• [AVAILABLE DATA]

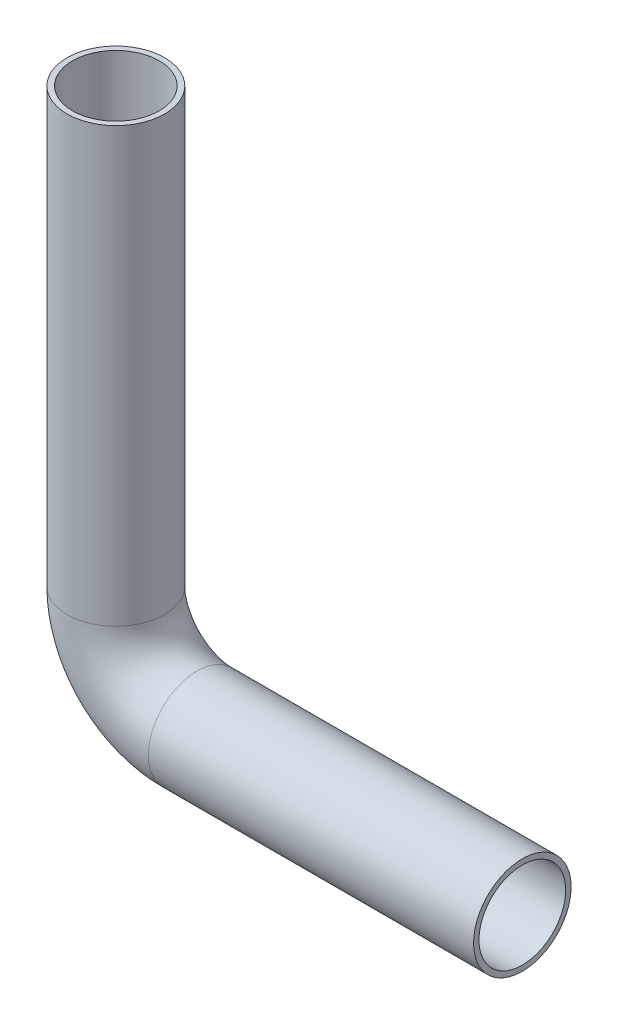
ISO-10303-21;
HEADER;
FILE_DESCRIPTION(('STEP AP214'),'2;1');
FILE_NAME('part.step','',(''),(''),'','','');
FILE_SCHEMA(('AUTOMOTIVE_DESIGN { 1 0 10303 214 1 1 1 1 }'));
ENDSEC;
DATA;
#1=APPLICATION_CONTEXT('core data for automotive mechanical design processes');
#2=APPLICATION_PROTOCOL_DEFINITION('international standard','automotive_design',2000,#1);
#3=PRODUCT_CONTEXT('',#1,'mechanical');
#4=PRODUCT('Part','Part','',(#3));
#5=PRODUCT_RELATED_PRODUCT_CATEGORY('part','',(#4));
#6=PRODUCT_DEFINITION_FORMATION('','',#4);
#7=PRODUCT_DEFINITION_CONTEXT('part definition',#1,'design');
#8=PRODUCT_DEFINITION('design','',#6,#7);
#9=PRODUCT_DEFINITION_SHAPE('','',#8);
#10=(LENGTH_UNIT() NAMED_UNIT(*) SI_UNIT(.MILLI.,.METRE.));
#11=(NAMED_UNIT(*) PLANE_ANGLE_UNIT() SI_UNIT($,.RADIAN.));
#12=(NAMED_UNIT(*) SI_UNIT($,.STERADIAN.) SOLID_ANGLE_UNIT());
#13=UNCERTAINTY_MEASURE_WITH_UNIT(LENGTH_MEASURE(1.E-05),#10,'distance_accuracy_value','');
#14=(GEOMETRIC_REPRESENTATION_CONTEXT(3) GLOBAL_UNCERTAINTY_ASSIGNED_CONTEXT((#13)) GLOBAL_UNIT_ASSIGNED_CONTEXT((#10,
#11,#12)) REPRESENTATION_CONTEXT('',''));
#15=CARTESIAN_POINT('',(0.,0.,0.));
#16=DIRECTION('',(0.,0.,1.));
#17=DIRECTION('',(1.,0.,0.));
#18=AXIS2_PLACEMENT_3D('',#15,#16,#17);
#19=CARTESIAN_POINT('',(-87.1143866378179,-56.3389719381065,0.));
#20=DIRECTION('',(1.,0.,0.));
#21=DIRECTION('',(0.,0.,-1.));
#22=AXIS2_PLACEMENT_3D('',#19,#20,#21);
#23=CYLINDRICAL_SURFACE('',#22,9.);
#24=CARTESIAN_POINT('',(-87.1143866378179,-56.3389719381065,0.));
#25=DIRECTION('',(-1.,0.,0.));
#26=DIRECTION('',(0.,0.,1.));
#27=AXIS2_PLACEMENT_3D('',#24,#25,#26);
#28=CIRCLE('',#27,9.);
#29=CARTESIAN_POINT('',(-87.1143866378179,-65.3389719381065,0.));
#30=VERTEX_POINT('',#29);
#31=EDGE_CURVE('E37',#30,#30,#28,.T.);
#32=ORIENTED_EDGE('',*,*,#31,.F.);
#33=EDGE_LOOP('',(#32));
#34=FACE_BOUND('',#33,.T.);
#35=CARTESIAN_POINT('',(-27.114386637818,-56.3389719381065,0.));
#36=DIRECTION('',(-1.,0.,0.));
#37=DIRECTION('',(0.,0.,1.));
#38=AXIS2_PLACEMENT_3D('',#35,#36,#37);
#39=CIRCLE('',#38,9.);
#40=CARTESIAN_POINT('',(-27.114386637818,-56.3389719381065,9.));
#41=VERTEX_POINT('',#40);
#42=EDGE_CURVE('E10',#41,#41,#39,.T.);
#43=ORIENTED_EDGE('',*,*,#42,.T.);
#44=EDGE_LOOP('',(#43));
#45=FACE_BOUND('',#44,.T.);
#46=ADVANCED_FACE('F31',(#34,#45),#23,.T.);
#47=CARTESIAN_POINT('',(-87.114386637818,-41.3389719381065,0.));
#48=DIRECTION('',(0.,0.,1.));
#49=DIRECTION('',(1.,0.,0.));
#50=AXIS2_PLACEMENT_3D('',#47,#48,#49);
#51=TOROIDAL_SURFACE('',#50,15.,9.);
#52=CARTESIAN_POINT('',(-102.114386637818,-41.3389719381064,0.));
#53=DIRECTION('',(0.,1.,0.));
#54=DIRECTION('',(0.,0.,1.));
#55=AXIS2_PLACEMENT_3D('',#52,#53,#54);
#56=CIRCLE('',#55,9.);
#57=CARTESIAN_POINT('',(-111.114386637818,-41.3389719381063,0.));
#58=VERTEX_POINT('',#57);
#59=EDGE_CURVE('E41',#58,#58,#56,.T.);
#60=CARTESIAN_POINT('',(-87.114386637818,-41.3389719381065,0.));
#61=DIRECTION('',(0.,0.,1.));
#62=DIRECTION('',(1.,0.,0.));
#63=AXIS2_PLACEMENT_3D('',#60,#61,#62);
#64=CIRCLE('',#63,24.);
#65=EDGE_CURVE('',#58,#30,#64,.T.);
#66=ORIENTED_EDGE('',*,*,#59,.F.);
#67=ORIENTED_EDGE('',*,*,#31,.T.);
#68=ORIENTED_EDGE('',*,*,#65,.T.);
#69=ORIENTED_EDGE('',*,*,#65,.F.);
#70=EDGE_LOOP('',(#66,#68,#67,#69));
#71=FACE_BOUND('',#70,.T.);
#72=ADVANCED_FACE('F80',(#71),#51,.T.);
#73=CARTESIAN_POINT('',(-102.114386637818,-41.3389719381064,0.));
#74=DIRECTION('',(0.,1.,0.));
#75=DIRECTION('',(0.,0.,1.));
#76=AXIS2_PLACEMENT_3D('',#73,#74,#75);
#77=CYLINDRICAL_SURFACE('',#76,9.);
#78=ORIENTED_EDGE('',*,*,#59,.T.);
#79=EDGE_LOOP('',(#78));
#80=FACE_BOUND('',#79,.T.);
#81=CARTESIAN_POINT('',(-102.114386637818,38.6610280618935,0.));
#82=DIRECTION('',(0.,1.,0.));
#83=DIRECTION('',(0.,0.,1.));
#84=AXIS2_PLACEMENT_3D('',#81,#82,#83);
#85=CIRCLE('',#84,9.);
#86=CARTESIAN_POINT('',(-102.114386637818,38.6610280618935,9.));
#87=VERTEX_POINT('',#86);
#88=EDGE_CURVE('E45',#87,#87,#85,.T.);
#89=ORIENTED_EDGE('',*,*,#88,.F.);
#90=EDGE_LOOP('',(#89));
#91=FACE_BOUND('',#90,.T.);
#92=ADVANCED_FACE('F85',(#80,#91),#77,.T.);
#93=CARTESIAN_POINT('',(-27.114386637818,-56.3389719381065,0.));
#94=DIRECTION('',(-1.,0.,0.));
#95=DIRECTION('',(0.,0.,1.));
#96=AXIS2_PLACEMENT_3D('',#93,#94,#95);
#97=PLANE('',#96);
#98=CARTESIAN_POINT('',(-27.114386637818,-56.3389719381065,0.));
#99=DIRECTION('',(-1.,0.,0.));
#100=DIRECTION('',(0.,-1.,0.));
#101=AXIS2_PLACEMENT_3D('',#98,#99,#100);
#102=CIRCLE('',#101,8.);
#103=CARTESIAN_POINT('',(-27.1143866378179,-64.3389719381065,0.));
#104=VERTEX_POINT('',#103);
#105=EDGE_CURVE('E49',#104,#104,#102,.T.);
#106=ORIENTED_EDGE('',*,*,#105,.T.);
#107=EDGE_LOOP('',(#106));
#108=FACE_BOUND('',#107,.T.);
#109=ORIENTED_EDGE('',*,*,#42,.F.);
#110=EDGE_LOOP('',(#109));
#111=FACE_BOUND('',#110,.T.);
#112=ADVANCED_FACE('F90',(#108,#111),#97,.F.);
#113=CARTESIAN_POINT('',(-102.114386637818,38.6610280618935,0.));
#114=DIRECTION('',(0.,1.,0.));
#115=DIRECTION('',(0.,0.,1.));
#116=AXIS2_PLACEMENT_3D('',#113,#114,#115);
#117=PLANE('',#116);
#118=CARTESIAN_POINT('',(-102.114386637818,38.6610280618935,0.));
#119=DIRECTION('',(0.,1.,0.));
#120=DIRECTION('',(0.,0.,1.));
#121=AXIS2_PLACEMENT_3D('',#118,#119,#120);
#122=CIRCLE('',#121,8.);
#123=CARTESIAN_POINT('',(-102.114386637818,38.6610280618935,8.));
#124=VERTEX_POINT('',#123);
#125=EDGE_CURVE('E51',#124,#124,#122,.T.);
#126=ORIENTED_EDGE('',*,*,#125,.F.);
#127=EDGE_LOOP('',(#126));
#128=FACE_BOUND('',#127,.T.);
#129=ORIENTED_EDGE('',*,*,#88,.T.);
#130=EDGE_LOOP('',(#129));
#131=FACE_BOUND('',#130,.T.);
#132=ADVANCED_FACE('F77',(#128,#131),#117,.T.);
#133=CARTESIAN_POINT('',(-87.1143866378179,-56.3389719381065,0.));
#134=DIRECTION('',(1.,0.,0.));
#135=DIRECTION('',(0.,0.,-1.));
#136=AXIS2_PLACEMENT_3D('',#133,#134,#135);
#137=CYLINDRICAL_SURFACE('',#136,8.);
#138=CARTESIAN_POINT('',(-87.1143866378179,-56.3389719381065,0.));
#139=DIRECTION('',(-1.,0.,0.));
#140=DIRECTION('',(0.,-1.,0.));
#141=AXIS2_PLACEMENT_3D('',#138,#139,#140);
#142=CIRCLE('',#141,8.);
#143=CARTESIAN_POINT('',(-87.1143866378179,-64.3389719381065,0.));
#144=VERTEX_POINT('',#143);
#145=EDGE_CURVE('E57',#144,#144,#142,.T.);
#146=ORIENTED_EDGE('',*,*,#145,.T.);
#147=EDGE_LOOP('',(#146));
#148=FACE_BOUND('',#147,.T.);
#149=ORIENTED_EDGE('',*,*,#105,.F.);
#150=EDGE_LOOP('',(#149));
#151=FACE_BOUND('',#150,.T.);
#152=ADVANCED_FACE('F63',(#148,#151),#137,.F.);
#153=CARTESIAN_POINT('',(-87.114386637818,-41.3389719381065,0.));
#154=DIRECTION('',(0.,0.,1.));
#155=DIRECTION('',(1.,0.,0.));
#156=AXIS2_PLACEMENT_3D('',#153,#154,#155);
#157=TOROIDAL_SURFACE('',#156,15.,8.);
#158=CARTESIAN_POINT('',(-102.114386637818,-41.3389719381064,0.));
#159=DIRECTION('',(0.,1.,0.));
#160=DIRECTION('',(0.,0.,1.));
#161=AXIS2_PLACEMENT_3D('',#158,#159,#160);
#162=CIRCLE('',#161,8.);
#163=CARTESIAN_POINT('',(-110.114386637818,-41.3389719381063,0.));
#164=VERTEX_POINT('',#163);
#165=EDGE_CURVE('E54',#164,#164,#162,.T.);
#166=CARTESIAN_POINT('',(-87.114386637818,-41.3389719381065,0.));
#167=DIRECTION('',(0.,0.,1.));
#168=DIRECTION('',(1.,0.,0.));
#169=AXIS2_PLACEMENT_3D('',#166,#167,#168);
#170=CIRCLE('',#169,23.);
#171=EDGE_CURVE('',#164,#144,#170,.T.);
#172=ORIENTED_EDGE('',*,*,#165,.T.);
#173=ORIENTED_EDGE('',*,*,#145,.F.);
#174=ORIENTED_EDGE('',*,*,#171,.T.);
#175=ORIENTED_EDGE('',*,*,#171,.F.);
#176=EDGE_LOOP('',(#172,#174,#173,#175));
#177=FACE_BOUND('',#176,.T.);
#178=ADVANCED_FACE('F66',(#177),#157,.F.);
#179=CARTESIAN_POINT('',(-102.114386637818,-41.3389719381064,0.));
#180=DIRECTION('',(0.,1.,0.));
#181=DIRECTION('',(0.,0.,1.));
#182=AXIS2_PLACEMENT_3D('',#179,#180,#181);
#183=CYLINDRICAL_SURFACE('',#182,8.);
#184=ORIENTED_EDGE('',*,*,#165,.F.);
#185=EDGE_LOOP('',(#184));
#186=FACE_BOUND('',#185,.T.);
#187=ORIENTED_EDGE('',*,*,#125,.T.);
#188=EDGE_LOOP('',(#187));
#189=FACE_BOUND('',#188,.T.);
#190=ADVANCED_FACE('F68',(#186,#189),#183,.F.);
#191=CLOSED_SHELL('',(#46,#72,#92,#112,#132,#152,#178,#190));
#192=MANIFOLD_SOLID_BREP('B2',#191);
#193=ADVANCED_BREP_SHAPE_REPRESENTATION('',(#18,#192),#14);
#194=SHAPE_DEFINITION_REPRESENTATION(#9,#193);
ENDSEC;
END-ISO-10303-21;

• [EXERCISE DETAILS] Your answer is to contain exactly the lines from the one holding "#185=EDGE_LOOP('',(#184));" to the end of the entries, with no other line.

• [ANSWER FOR THE TASK]
#185=EDGE_LOOP('',(#184));
#186=FACE_BOUND('',#185,.T.);
#187=ORIENTED_EDGE('',*,*,#125,.T.);
#188=EDGE_LOOP('',(#187));
#189=FACE_BOUND('',#188,.T.);
#190=ADVANCED_FACE('F68',(#186,#189),#183,.F.);
#191=CLOSED_SHELL('',(#46,#72,#92,#112,#132,#152,#178,#190));
#192=MANIFOLD_SOLID_BREP('B2',#191);
#193=ADVANCED_BREP_SHAPE_REPRESENTATION('',(#18,#192),#14);
#194=SHAPE_DEFINITION_REPRESENTATION(#9,#193);
ENDSEC;
END-ISO-10303-21;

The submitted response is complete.